Have you ever seen a line chart that shows monthly revenues, or some other number, and compares this year to last year to the year before and so on?
You know, the one with lines the color of a gumball variety pack?
(This is a random dataset for illustration, so don’t look at it too closely.)
The chart of many colors is the default that Excel produces.
But if you want to use the chart, you’re going to have to keep going back to the legend to figure out which year is which color. Thus, the default gumball approach bakes in a usability problem.
Instead, for a graph that compares the same data year over year, I like the metaphor that over time a thing fades and decays. In that way, the lines of a graph can be thickest and darkest in the most recent year and as the years go back, they can be a little thinner and tinted lighter.
This one is boring to look at, but you should be able to intuitively tell the chronological order of each line on the graph.
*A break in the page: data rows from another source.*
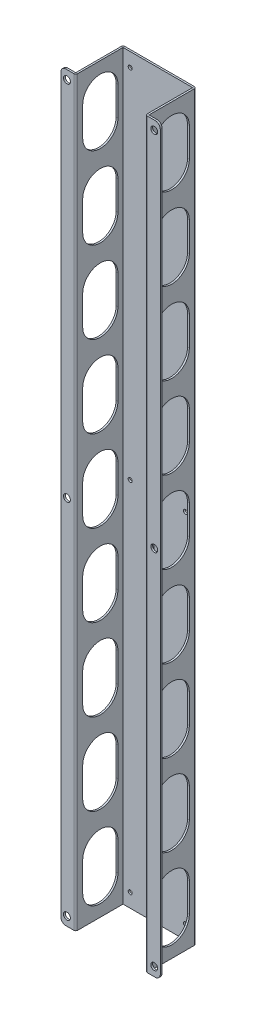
ISO-10303-21;
HEADER;
FILE_DESCRIPTION(('STEP AP214'),'2;1');
FILE_NAME('part.step','',(''),(''),'','','');
FILE_SCHEMA(('AUTOMOTIVE_DESIGN { 1 0 10303 214 1 1 1 1 }'));
ENDSEC;
DATA;
#1=APPLICATION_CONTEXT('core data for automotive mechanical design processes');
#2=APPLICATION_PROTOCOL_DEFINITION('international standard','automotive_design',2000,#1);
#3=PRODUCT_CONTEXT('',#1,'mechanical');
#4=PRODUCT('Part','Part','',(#3));
#5=PRODUCT_RELATED_PRODUCT_CATEGORY('part','',(#4));
#6=PRODUCT_DEFINITION_FORMATION('','',#4);
#7=PRODUCT_DEFINITION_CONTEXT('part definition',#1,'design');
#8=PRODUCT_DEFINITION('design','',#6,#7);
#9=PRODUCT_DEFINITION_SHAPE('','',#8);
#10=(LENGTH_UNIT() NAMED_UNIT(*) SI_UNIT(.MILLI.,.METRE.));
#11=(NAMED_UNIT(*) PLANE_ANGLE_UNIT() SI_UNIT($,.RADIAN.));
#12=(NAMED_UNIT(*) SI_UNIT($,.STERADIAN.) SOLID_ANGLE_UNIT());
#13=UNCERTAINTY_MEASURE_WITH_UNIT(LENGTH_MEASURE(1.E-05),#10,'distance_accuracy_value','');
#14=(GEOMETRIC_REPRESENTATION_CONTEXT(3) GLOBAL_UNCERTAINTY_ASSIGNED_CONTEXT((#13)) GLOBAL_UNIT_ASSIGNED_CONTEXT((#10,
#11,#12)) REPRESENTATION_CONTEXT('',''));
#15=CARTESIAN_POINT('',(0.,0.,0.));
#16=DIRECTION('',(0.,0.,1.));
#17=DIRECTION('',(1.,0.,0.));
#18=AXIS2_PLACEMENT_3D('',#15,#16,#17);
#19=CARTESIAN_POINT('',(0.,0.,61.976));
#20=DIRECTION('',(0.,0.,-1.));
#21=DIRECTION('',(-1.,0.,0.));
#22=AXIS2_PLACEMENT_3D('',#19,#20,#21);
#23=PLANE('',#22);
#24=CARTESIAN_POINT('',(55.1120386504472,457.2,61.976));
#25=DIRECTION('',(0.,0.,1.));
#26=DIRECTION('',(1.,0.,0.));
#27=AXIS2_PLACEMENT_3D('',#24,#25,#26);
#28=CIRCLE('',#27,4.36562499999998);
#29=CARTESIAN_POINT('',(59.4776636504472,457.2,61.976));
#30=VERTEX_POINT('',#29);
#31=EDGE_CURVE('E3132',#30,#30,#28,.T.);
#32=ORIENTED_EDGE('',*,*,#31,.F.);
#33=EDGE_LOOP('',(#32));
#34=FACE_BOUND('',#33,.T.);
#35=DIRECTION('',(1.,0.,0.));
#36=VECTOR('',#35,1.);
#37=CARTESIAN_POINT('',(62.7396586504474,-468.376,61.976));
#38=LINE('',#37,#36);
#39=CARTESIAN_POINT('',(56.3896586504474,-468.376,61.976));
#40=VERTEX_POINT('',#39);
#41=CARTESIAN_POINT('',(46.4252386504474,-468.376,61.976));
#42=VERTEX_POINT('',#41);
#43=EDGE_CURVE('E872',#40,#42,#38,.F.);
#44=ORIENTED_EDGE('',*,*,#43,.F.);
#45=CARTESIAN_POINT('',(56.3896586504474,-462.026,61.976));
#46=DIRECTION('',(0.,0.,-1.));
#47=DIRECTION('',(-1.,0.,0.));
#48=AXIS2_PLACEMENT_3D('',#45,#46,#47);
#49=CIRCLE('',#48,6.35);
#50=CARTESIAN_POINT('',(62.7396586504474,-462.026,61.976));
#51=VERTEX_POINT('',#50);
#52=EDGE_CURVE('E1082',#40,#51,#49,.F.);
#53=ORIENTED_EDGE('',*,*,#52,.T.);
#54=DIRECTION('',(0.,1.,0.));
#55=VECTOR('',#54,1.);
#56=CARTESIAN_POINT('',(62.7396586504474,468.376,61.976));
#57=LINE('',#56,#55);
#58=CARTESIAN_POINT('',(62.7396586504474,462.026,61.976));
#59=VERTEX_POINT('',#58);
#60=EDGE_CURVE('E875',#59,#51,#57,.F.);
#61=ORIENTED_EDGE('',*,*,#60,.F.);
#62=CARTESIAN_POINT('',(56.3896586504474,462.026,61.976));
#63=DIRECTION('',(0.,0.,-1.));
#64=DIRECTION('',(-1.,0.,0.));
#65=AXIS2_PLACEMENT_3D('',#62,#63,#64);
#66=CIRCLE('',#65,6.35);
#67=CARTESIAN_POINT('',(56.3896586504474,468.376,61.976));
#68=VERTEX_POINT('',#67);
#69=EDGE_CURVE('E1080',#59,#68,#66,.F.);
#70=ORIENTED_EDGE('',*,*,#69,.T.);
#71=DIRECTION('',(-1.,0.,0.));
#72=VECTOR('',#71,1.);
#73=CARTESIAN_POINT('',(46.2220386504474,468.376,61.976));
#74=LINE('',#73,#72);
#75=CARTESIAN_POINT('',(46.4252386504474,468.376,61.976));
#76=VERTEX_POINT('',#75);
#77=EDGE_CURVE('E878',#76,#68,#74,.F.);
#78=ORIENTED_EDGE('',*,*,#77,.F.);
#79=DIRECTION('',(0.,-1.,0.));
#80=VECTOR('',#79,1.);
#81=CARTESIAN_POINT('',(46.4252386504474,468.376,61.976));
#82=LINE('',#81,#80);
#83=EDGE_CURVE('E889',#42,#76,#82,.F.);
#84=ORIENTED_EDGE('',*,*,#83,.F.);
#85=EDGE_LOOP('',(#44,#53,#61,#70,#78,#84));
#86=FACE_BOUND('',#85,.T.);
#87=CARTESIAN_POINT('',(55.1120386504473,-457.2,61.976));
#88=DIRECTION('',(0.,0.,1.));
#89=DIRECTION('',(1.,0.,0.));
#90=AXIS2_PLACEMENT_3D('',#87,#88,#89);
#91=CIRCLE('',#90,4.36562499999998);
#92=CARTESIAN_POINT('',(59.4776636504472,-457.2,61.976));
#93=VERTEX_POINT('',#92);
#94=EDGE_CURVE('E3158',#93,#93,#91,.T.);
#95=ORIENTED_EDGE('',*,*,#94,.F.);
#96=EDGE_LOOP('',(#95));
#97=FACE_BOUND('',#96,.T.);
#98=CARTESIAN_POINT('',(55.1120386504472,0.,61.976));
#99=DIRECTION('',(0.,0.,1.));
#100=DIRECTION('',(1.,0.,0.));
#101=AXIS2_PLACEMENT_3D('',#98,#99,#100);
#102=CIRCLE('',#101,4.36562499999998);
#103=CARTESIAN_POINT('',(59.4776636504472,0.,61.976));
#104=VERTEX_POINT('',#103);
#105=EDGE_CURVE('E3146',#104,#104,#102,.T.);
#106=ORIENTED_EDGE('',*,*,#105,.F.);
#107=EDGE_LOOP('',(#106));
#108=FACE_BOUND('',#107,.T.);
#109=ADVANCED_FACE('F119',(#34,#86,#97,#108),#23,.F.);
#110=CARTESIAN_POINT('',(62.7396586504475,394.4366,30.9880000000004));
#111=DIRECTION('',(-1.,0.,0.));
#112=DIRECTION('',(0.,0.,1.));
#113=AXIS2_PLACEMENT_3D('',#110,#111,#112);
#114=CYLINDRICAL_SURFACE('',#113,22.225);
#115=DIRECTION('',(-1.,0.,0.));
#116=VECTOR('',#115,1.);
#117=CARTESIAN_POINT('',(62.7396586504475,394.4366,53.2130000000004));
#118=LINE('',#117,#116);
#119=CARTESIAN_POINT('',(-43.9555813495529,394.4366,53.213));
#120=VERTEX_POINT('',#119);
#121=CARTESIAN_POINT('',(-46.2339613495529,394.4366,53.213));
#122=VERTEX_POINT('',#121);
#123=EDGE_CURVE('E1550',#120,#122,#118,.T.);
#124=ORIENTED_EDGE('',*,*,#123,.F.);
#125=CARTESIAN_POINT('',(-43.9555813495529,394.4366,30.988));
#126=DIRECTION('',(1.,0.,0.));
#127=DIRECTION('',(0.,0.,-1.));
#128=AXIS2_PLACEMENT_3D('',#125,#126,#127);
#129=CIRCLE('',#128,22.225);
#130=CARTESIAN_POINT('',(-43.9555813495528,394.4366,8.76299999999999));
#131=VERTEX_POINT('',#130);
#132=EDGE_CURVE('E1538',#120,#131,#129,.T.);
#133=ORIENTED_EDGE('',*,*,#132,.T.);
#134=DIRECTION('',(-1.,0.,0.));
#135=VECTOR('',#134,1.);
#136=CARTESIAN_POINT('',(62.7396586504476,394.4366,8.76300000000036));
#137=LINE('',#136,#135);
#138=CARTESIAN_POINT('',(-46.2339613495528,394.4366,8.76299999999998));
#139=VERTEX_POINT('',#138);
#140=EDGE_CURVE('E13',#131,#139,#137,.T.);
#141=ORIENTED_EDGE('',*,*,#140,.T.);
#142=CARTESIAN_POINT('',(-46.2339613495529,394.4366,30.988));
#143=DIRECTION('',(1.,0.,0.));
#144=DIRECTION('',(0.,0.,-1.));
#145=AXIS2_PLACEMENT_3D('',#142,#143,#144);
#146=CIRCLE('',#145,22.225);
#147=EDGE_CURVE('E1542',#122,#139,#146,.T.);
#148=ORIENTED_EDGE('',*,*,#147,.F.);
#149=EDGE_LOOP('',(#124,#133,#141,#148));
#150=FACE_BOUND('',#149,.T.);
#151=ADVANCED_FACE('F121',(#150),#114,.F.);
#152=CARTESIAN_POINT('',(62.7396586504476,394.4366,8.76300000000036));
#153=DIRECTION('',(0.,0.,-1.));
#154=DIRECTION('',(-1.,0.,0.));
#155=AXIS2_PLACEMENT_3D('',#152,#153,#154);
#156=PLANE('',#155);
#157=ORIENTED_EDGE('',*,*,#140,.F.);
#158=DIRECTION('',(0.,1.,0.));
#159=VECTOR('',#158,1.);
#160=CARTESIAN_POINT('',(-43.9555813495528,825.6016,8.76299999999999));
#161=LINE('',#160,#159);
#162=CARTESIAN_POINT('',(-43.9555813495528,431.2666,8.76299999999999));
#163=VERTEX_POINT('',#162);
#164=EDGE_CURVE('E1535',#131,#163,#161,.T.);
#165=ORIENTED_EDGE('',*,*,#164,.T.);
#166=DIRECTION('',(-1.,0.,0.));
#167=VECTOR('',#166,1.);
#168=CARTESIAN_POINT('',(62.7396586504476,431.2666,8.76300000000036));
#169=LINE('',#168,#167);
#170=CARTESIAN_POINT('',(-46.2339613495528,431.2666,8.76299999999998));
#171=VERTEX_POINT('',#170);
#172=EDGE_CURVE('E127',#163,#171,#169,.T.);
#173=ORIENTED_EDGE('',*,*,#172,.T.);
#174=DIRECTION('',(0.,1.,0.));
#175=VECTOR('',#174,1.);
#176=CARTESIAN_POINT('',(-46.2339613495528,825.6016,8.76299999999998));
#177=LINE('',#176,#175);
#178=EDGE_CURVE('E141',#139,#171,#177,.T.);
#179=ORIENTED_EDGE('',*,*,#178,.F.);
#180=EDGE_LOOP('',(#157,#165,#173,#179));
#181=FACE_BOUND('',#180,.T.);
#182=ADVANCED_FACE('F1555',(#181),#156,.F.);
#183=CARTESIAN_POINT('',(62.7396586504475,431.2666,30.9880000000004));
#184=DIRECTION('',(-1.,0.,0.));
#185=DIRECTION('',(0.,0.,1.));
#186=AXIS2_PLACEMENT_3D('',#183,#184,#185);
#187=CYLINDRICAL_SURFACE('',#186,22.225);
#188=ORIENTED_EDGE('',*,*,#172,.F.);
#189=CARTESIAN_POINT('',(-43.9555813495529,431.2666,30.988));
#190=DIRECTION('',(1.,0.,0.));
#191=DIRECTION('',(0.,0.,-1.));
#192=AXIS2_PLACEMENT_3D('',#189,#190,#191);
#193=CIRCLE('',#192,22.225);
#194=CARTESIAN_POINT('',(-43.9555813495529,431.2666,53.213));
#195=VERTEX_POINT('',#194);
#196=EDGE_CURVE('E1532',#163,#195,#193,.T.);
#197=ORIENTED_EDGE('',*,*,#196,.T.);
#198=DIRECTION('',(-1.,0.,0.));
#199=VECTOR('',#198,1.);
#200=CARTESIAN_POINT('',(62.7396586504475,431.2666,53.2130000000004));
#201=LINE('',#200,#199);
#202=CARTESIAN_POINT('',(-46.233961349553,431.2666,53.213));
#203=VERTEX_POINT('',#202);
#204=EDGE_CURVE('E1547',#195,#203,#201,.T.);
#205=ORIENTED_EDGE('',*,*,#204,.T.);
#206=CARTESIAN_POINT('',(-46.2339613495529,431.2666,30.988));
#207=DIRECTION('',(1.,0.,0.));
#208=DIRECTION('',(0.,0.,-1.));
#209=AXIS2_PLACEMENT_3D('',#206,#207,#208);
#210=CIRCLE('',#209,22.225);
#211=EDGE_CURVE('E1545',#171,#203,#210,.T.);
#212=ORIENTED_EDGE('',*,*,#211,.F.);
#213=EDGE_LOOP('',(#188,#197,#205,#212));
#214=FACE_BOUND('',#213,.T.);
#215=ADVANCED_FACE('F1557',(#214),#187,.F.);
#216=CARTESIAN_POINT('',(62.7396586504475,431.2666,53.2130000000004));
#217=DIRECTION('',(0.,0.,1.));
#218=DIRECTION('',(1.,0.,0.));
#219=AXIS2_PLACEMENT_3D('',#216,#217,#218);
#220=PLANE('',#219);
#221=ORIENTED_EDGE('',*,*,#204,.F.);
#222=DIRECTION('',(0.,-1.,0.));
#223=VECTOR('',#222,1.);
#224=CARTESIAN_POINT('',(-43.955581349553,825.6016,53.2129999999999));
#225=LINE('',#224,#223);
#226=EDGE_CURVE('E1530',#195,#120,#225,.T.);
#227=ORIENTED_EDGE('',*,*,#226,.T.);
#228=ORIENTED_EDGE('',*,*,#123,.T.);
#229=DIRECTION('',(0.,-1.,0.));
#230=VECTOR('',#229,1.);
#231=CARTESIAN_POINT('',(-46.233961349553,825.6016,53.2129999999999));
#232=LINE('',#231,#230);
#233=EDGE_CURVE('E134',#203,#122,#232,.T.);
#234=ORIENTED_EDGE('',*,*,#233,.F.);
#235=EDGE_LOOP('',(#221,#227,#228,#234));
#236=FACE_BOUND('',#235,.T.);
#237=ADVANCED_FACE('F1562',(#236),#220,.F.);
#238=CARTESIAN_POINT('',(62.7396586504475,291.2364,30.9880000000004));
#239=DIRECTION('',(-1.,0.,0.));
#240=DIRECTION('',(0.,0.,1.));
#241=AXIS2_PLACEMENT_3D('',#238,#239,#240);
#242=CYLINDRICAL_SURFACE('',#241,22.225);
#243=DIRECTION('',(-1.,0.,0.));
#244=VECTOR('',#243,1.);
#245=CARTESIAN_POINT('',(62.7396586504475,291.2364,53.2130000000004));
#246=LINE('',#245,#244);
#247=CARTESIAN_POINT('',(-43.9555813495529,291.2364,53.213));
#248=VERTEX_POINT('',#247);
#249=CARTESIAN_POINT('',(-46.2339613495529,291.2364,53.213));
#250=VERTEX_POINT('',#249);
#251=EDGE_CURVE('E1521',#248,#250,#246,.T.);
#252=ORIENTED_EDGE('',*,*,#251,.F.);
#253=CARTESIAN_POINT('',(-43.9555813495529,291.2364,30.988));
#254=DIRECTION('',(1.,0.,0.));
#255=DIRECTION('',(0.,0.,-1.));
#256=AXIS2_PLACEMENT_3D('',#253,#254,#255);
#257=CIRCLE('',#256,22.225);
#258=CARTESIAN_POINT('',(-43.9555813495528,291.2364,8.76299999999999));
#259=VERTEX_POINT('',#258);
#260=EDGE_CURVE('E1506',#248,#259,#257,.T.);
#261=ORIENTED_EDGE('',*,*,#260,.T.);
#262=DIRECTION('',(-1.,0.,0.));
#263=VECTOR('',#262,1.);
#264=CARTESIAN_POINT('',(62.7396586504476,291.2364,8.76300000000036));
#265=LINE('',#264,#263);
#266=CARTESIAN_POINT('',(-46.2339613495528,291.2364,8.76299999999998));
#267=VERTEX_POINT('',#266);
#268=EDGE_CURVE('E1527',#259,#267,#265,.T.);
#269=ORIENTED_EDGE('',*,*,#268,.T.);
#270=CARTESIAN_POINT('',(-46.2339613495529,291.2364,30.988));
#271=DIRECTION('',(1.,0.,0.));
#272=DIRECTION('',(0.,0.,-1.));
#273=AXIS2_PLACEMENT_3D('',#270,#271,#272);
#274=CIRCLE('',#273,22.225);
#275=EDGE_CURVE('E1511',#250,#267,#274,.T.);
#276=ORIENTED_EDGE('',*,*,#275,.F.);
#277=EDGE_LOOP('',(#252,#261,#269,#276));
#278=FACE_BOUND('',#277,.T.);
#279=ADVANCED_FACE('F1983',(#278),#242,.F.);
#280=CARTESIAN_POINT('',(62.7396586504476,291.2364,8.76300000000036));
#281=DIRECTION('',(0.,0.,-1.));
#282=DIRECTION('',(-1.,0.,0.));
#283=AXIS2_PLACEMENT_3D('',#280,#281,#282);
#284=PLANE('',#283);
#285=ORIENTED_EDGE('',*,*,#268,.F.);
#286=DIRECTION('',(0.,1.,0.));
#287=VECTOR('',#286,1.);
#288=CARTESIAN_POINT('',(-43.9555813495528,722.4014,8.76299999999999));
#289=LINE('',#288,#287);
#290=CARTESIAN_POINT('',(-43.9555813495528,328.0664,8.76299999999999));
#291=VERTEX_POINT('',#290);
#292=EDGE_CURVE('E1503',#259,#291,#289,.T.);
#293=ORIENTED_EDGE('',*,*,#292,.T.);
#294=DIRECTION('',(-1.,0.,0.));
#295=VECTOR('',#294,1.);
#296=CARTESIAN_POINT('',(62.7396586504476,328.0664,8.76300000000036));
#297=LINE('',#296,#295);
#298=CARTESIAN_POINT('',(-46.2339613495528,328.0664,8.76299999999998));
#299=VERTEX_POINT('',#298);
#300=EDGE_CURVE('E1524',#291,#299,#297,.T.);
#301=ORIENTED_EDGE('',*,*,#300,.T.);
#302=DIRECTION('',(0.,1.,0.));
#303=VECTOR('',#302,1.);
#304=CARTESIAN_POINT('',(-46.2339613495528,722.4014,8.76299999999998));
#305=LINE('',#304,#303);
#306=EDGE_CURVE('E1513',#267,#299,#305,.T.);
#307=ORIENTED_EDGE('',*,*,#306,.F.);
#308=EDGE_LOOP('',(#285,#293,#301,#307));
#309=FACE_BOUND('',#308,.T.);
#310=ADVANCED_FACE('F1979',(#309),#284,.F.);
#311=CARTESIAN_POINT('',(62.7396586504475,328.0664,30.9880000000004));
#312=DIRECTION('',(-1.,0.,0.));
#313=DIRECTION('',(0.,0.,1.));
#314=AXIS2_PLACEMENT_3D('',#311,#312,#313);
#315=CYLINDRICAL_SURFACE('',#314,22.225);
#316=ORIENTED_EDGE('',*,*,#300,.F.);
#317=CARTESIAN_POINT('',(-43.9555813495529,328.0664,30.988));
#318=DIRECTION('',(1.,0.,0.));
#319=DIRECTION('',(0.,0.,-1.));
#320=AXIS2_PLACEMENT_3D('',#317,#318,#319);
#321=CIRCLE('',#320,22.225);
#322=CARTESIAN_POINT('',(-43.9555813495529,328.0664,53.213));
#323=VERTEX_POINT('',#322);
#324=EDGE_CURVE('E1500',#291,#323,#321,.T.);
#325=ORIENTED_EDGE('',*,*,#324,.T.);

You can see the data more easily now.
One benefit of showing years stacked like this is when seasonality matters for the data. Another is in telling the volume of change between multiple adjacent years, which you can hopefully correllate with business decisions that you could annotate on the chart.
Are you trying to show so many years that you run out of tints of the same color? I haven’t run into that, personally, because I end up realizing that I don’t need to see the entire history of that dataset. The last 4 or 5 years are enough — and if more are needed, this is probably not the graph for that data visualization job.
When should you use a different colors for the lines? When the lines show different data, like income, expense, and profit. I like green or black for income, red for expense, and blue for profit.
As an aside, I don’t think I came up with this tactic, but I can’t for the life of me think of where I saw it first. If you recognize the pattern and can source it, please do so in the comments.
One response to “Better Year Over Year Line Graphs Using Time as a Visual Metaphor”
I love this. For years I’ve spent countless hours perfecting my keys, meticulously picking colors and even different line treatments to separate years. Never again!